Download or read book Character Evidence in the Courts of Classical Athens written by Vasileios Adamidis and published by Taylor & Francis. This book was released on 2016-11-25 with total page 244 pages. Available in PDF, EPUB and Kindle. Book excerpt: There has been much debate in scholarship over the factors determining the outcome of legal hearings in classical Athens.
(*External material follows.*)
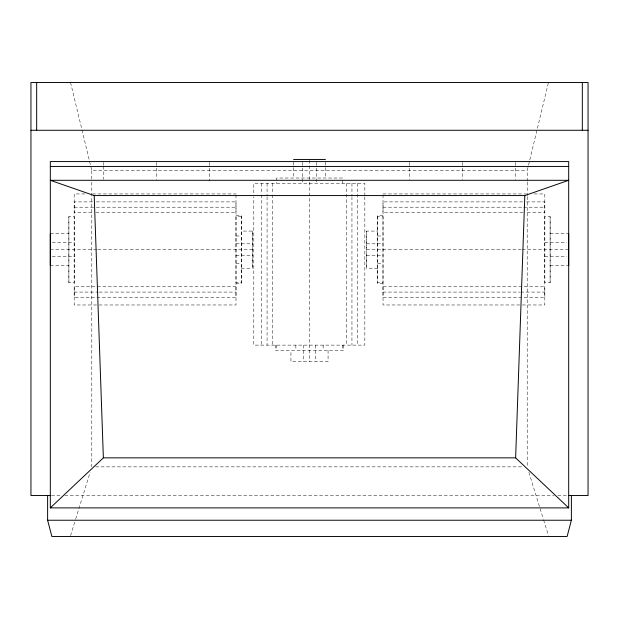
<?xml version="1.0" encoding="UTF-8"?>
<svg xmlns="http://www.w3.org/2000/svg" width="619" height="619" viewBox="0 0 619 619"><rect width="100%" height="100%" fill="white"/><g stroke="black" fill="none" stroke-linecap="round" stroke-linejoin="round"><path stroke-width="0.46" stroke-dasharray="3.1 2.32" d="M68.887 282.705L68.887 216.58L74.187 216.58L74.187 282.705L68.887 282.705L68.887 216.58M235.994 194.908L235.994 304.974L99.233 304.974M241.302 268.213L252.444 268.213L252.444 231.073L241.302 231.073M377.706 268.213L366.564 268.213L366.564 251.152M366.564 248.134L366.564 231.073L377.706 231.073M550.121 282.705L550.121 216.58L544.813 216.58L544.813 282.705L550.121 282.705L550.121 216.58M527.202 181.235L527.202 170.62L548.442 82.52M70.558 535.567L75.379 519.991M75.657 519.078L90.103 472.359M70.558 82.52L91.798 170.62L527.202 170.62M84.788 193.94L74.187 193.94L74.187 304.974L98.266 304.974M92.486 193.94L235.994 193.94M383.014 193.94L526.514 193.94M534.22 193.94L544.813 193.94L544.813 304.974L520.734 304.974M92.486 201.895L74.187 201.895L74.187 212.51L93.454 212.51M96.34 201.895L235.994 201.895L235.994 212.51L94.413 212.51M522.66 201.895L383.014 201.895L383.014 212.51L524.587 212.51M526.514 201.895L544.813 201.895L544.813 212.51L525.554 212.51M74.187 207.203L95.38 207.203M96.34 207.203L235.994 207.203M383.014 207.203L522.66 207.203M523.628 207.203L544.813 207.203M235.994 215.536L241.302 215.536L241.302 283.75L235.994 283.75M383.014 215.536L377.706 215.536L377.706 283.75L383.014 283.75M50.317 233.719L68.887 233.719M550.121 233.719L568.691 233.719M235.994 236.001L241.302 236.001M377.706 236.001L383.014 236.001M52.228 242.749L74.187 242.749M544.813 242.749L566.78 242.749M235.994 243.809L252.444 243.809M366.564 243.809L383.014 243.809M50.317 249.643L96.819 249.643M97.779 249.643L252.444 249.643M366.564 249.643L521.221 249.643M522.188 249.643L568.691 249.643M235.994 255.477L252.444 255.477M366.564 255.477L383.014 255.477M52.228 256.537L74.187 256.537M544.813 256.537L566.78 256.537M235.994 263.284L241.302 263.284M377.706 263.284L383.014 263.284M50.317 265.574L68.887 265.574M550.121 265.574L568.691 265.574M74.187 292.083L98.266 292.083M99.233 292.083L235.994 292.083M383.014 292.083L519.774 292.083M520.734 292.083L544.813 292.083M519.774 304.974L383.014 304.974L383.014 194.908M95.659 466.858L523.341 466.858M51.478 495.54L61.142 495.54M64.802 495.54L554.198 495.54M557.858 495.54L567.522 495.54M528.897 472.359L543.343 519.078M543.621 519.991L548.442 535.567M527.202 182.195L527.202 195.705M527.202 196.672L527.202 466.858M515.635 162.503L515.635 167.176M515.635 168.113L515.635 179.332M462.586 162.503L462.586 167.176M462.586 168.113L462.586 179.332M409.538 162.503L409.538 167.176M409.538 168.113L409.538 179.332M366.564 231.073L366.564 268.213M364.839 195.844L364.839 183.325L253.805 183.325L253.805 195.844M364.839 196.803L364.839 345.123L253.805 345.123L253.805 196.803M357.248 183.325L357.248 345.123M351.948 183.325L351.948 195.844M351.948 196.803L351.948 345.123M346.64 183.325L346.64 345.123M343.607 345.123L343.607 350.431L275.401 350.431L275.401 345.123M342.57 183.325L342.57 178.017L276.445 178.017L276.445 183.325M342.57 345.123L342.57 350.431M328.07 350.431L328.07 361.573L290.938 361.573L290.938 350.431M325.432 162.232L325.432 178.017M323.149 345.123L323.149 350.431M316.402 162.31L316.402 167.091M316.402 168.043L316.402 183.325M315.342 345.123L315.342 361.573M309.508 160.375L309.508 361.573M303.674 345.123L303.674 361.573M302.606 162.31L302.606 167.091M302.606 168.043L302.606 183.325M295.867 345.123L295.867 350.431M293.576 162.232L293.576 178.017M276.445 345.123L276.445 350.431M272.368 183.325L272.368 193.917M272.368 194.877L272.368 345.123M267.068 183.325L267.068 195.844M267.068 196.803L267.068 345.123M261.76 183.325L261.76 193.917M261.76 194.877L261.76 345.123M252.444 231.073L252.444 268.213M209.47 162.503L209.47 167.176M209.47 168.113L209.47 181.205M156.421 162.503L156.421 167.176M156.421 168.113L156.421 179.332M103.365 162.503L103.365 165.312M103.365 166.248L103.365 179.332M91.798 170.62L91.798 181.235M91.798 182.195L91.798 466.858M377.706 216.58L377.706 282.705L383.014 282.705L383.014 216.58L377.706 216.58M383.014 286.783L383.014 297.391L544.813 297.391L544.813 286.783L383.014 286.783M241.302 216.58L235.994 216.58L235.994 282.705L241.302 282.705L241.302 216.58M235.994 286.783L74.187 286.783L74.187 297.391L235.994 297.391L235.994 286.783"/><path stroke-width="0.93" d="M50.317 265.574L50.317 233.719M568.691 265.574L568.691 233.719M568.691 507.889L50.317 507.889L50.317 161.574L568.691 161.574L568.691 507.889L515.635 457.851L524.811 195.565L568.691 180.299L50.317 180.299L94.196 195.565L524.811 195.565M571.383 495.54L571.383 520.239L567.12 536.48L51.88 536.48L47.617 520.239L47.617 495.54M50.317 507.889L103.365 457.851L515.635 457.851M30.95 130.276L588.05 130.276M293.576 159.447L325.432 159.447M50.317 166.449L568.691 166.449M50.518 495.54L30.95 495.54L30.95 82.52L588.05 82.52L588.05 495.54L568.482 495.54M47.617 520.239L571.383 520.239M94.196 195.565L103.365 457.851M582.332 82.52L582.332 130.276M36.668 82.52L36.668 130.276"/></g></svg>

Specifically, there is divergence regarding the extent to which judicial panels were influenced by non-legal considerations in addition to, or even instead of, questions of law. Ancient rhetorical theory and practice devoted much attention to character and it is this aspect of Athenian law which forms the focus of this book. Close analysis of the dispute-resolution passages in ancient Greek literature reveals striking similarities with the rhetoric of litigants in the Athenian courts and thus helps to shed light on the function of the courts and the fundamental nature of Athenian law. The widespread use of character evidence in every aspect of argumentation can be traced to the Greek ideas of ‘character’ and ‘personality’, the inductive method of reasoning, and the social, political and institutional structures of the ancient Greek polis. According to the author’s proposed method of interpretation, character evidence was not a means of diverting the jury’s attention away from the legal issues; instead, it was a constructive and relevant way of developing a legal argument.

Book Law and Society in Classical Athens  Routledge Revivals

Download or read book Law and Society in Classical Athens Routledge Revivals written by Richard Garner and published by Routledge. This book was released on 2014-03-18 with total page 172 pages. Available in PDF, EPUB and Kindle. Book excerpt: Law and Society in Classical Athens, first published in 1987, traces the development of legal thought and its relation to Athenian values. Previously Athens’ courts have been regarded as chaotic, isolated from the rest of society and even bizarre. The importance of rhetoric and the mischief made by Aristophanes have devalued the legal process in the eyes of modern scholars, whilst the analysis of legal codes and practice has seemed dauntingly complex. Professor Garner aims to situate the Athenian legal system within the general context of abstract thought on justice and of the democratic politics of the fifth century. His work is a valuable source of information on all aspects of Athenian law and its relation to culture.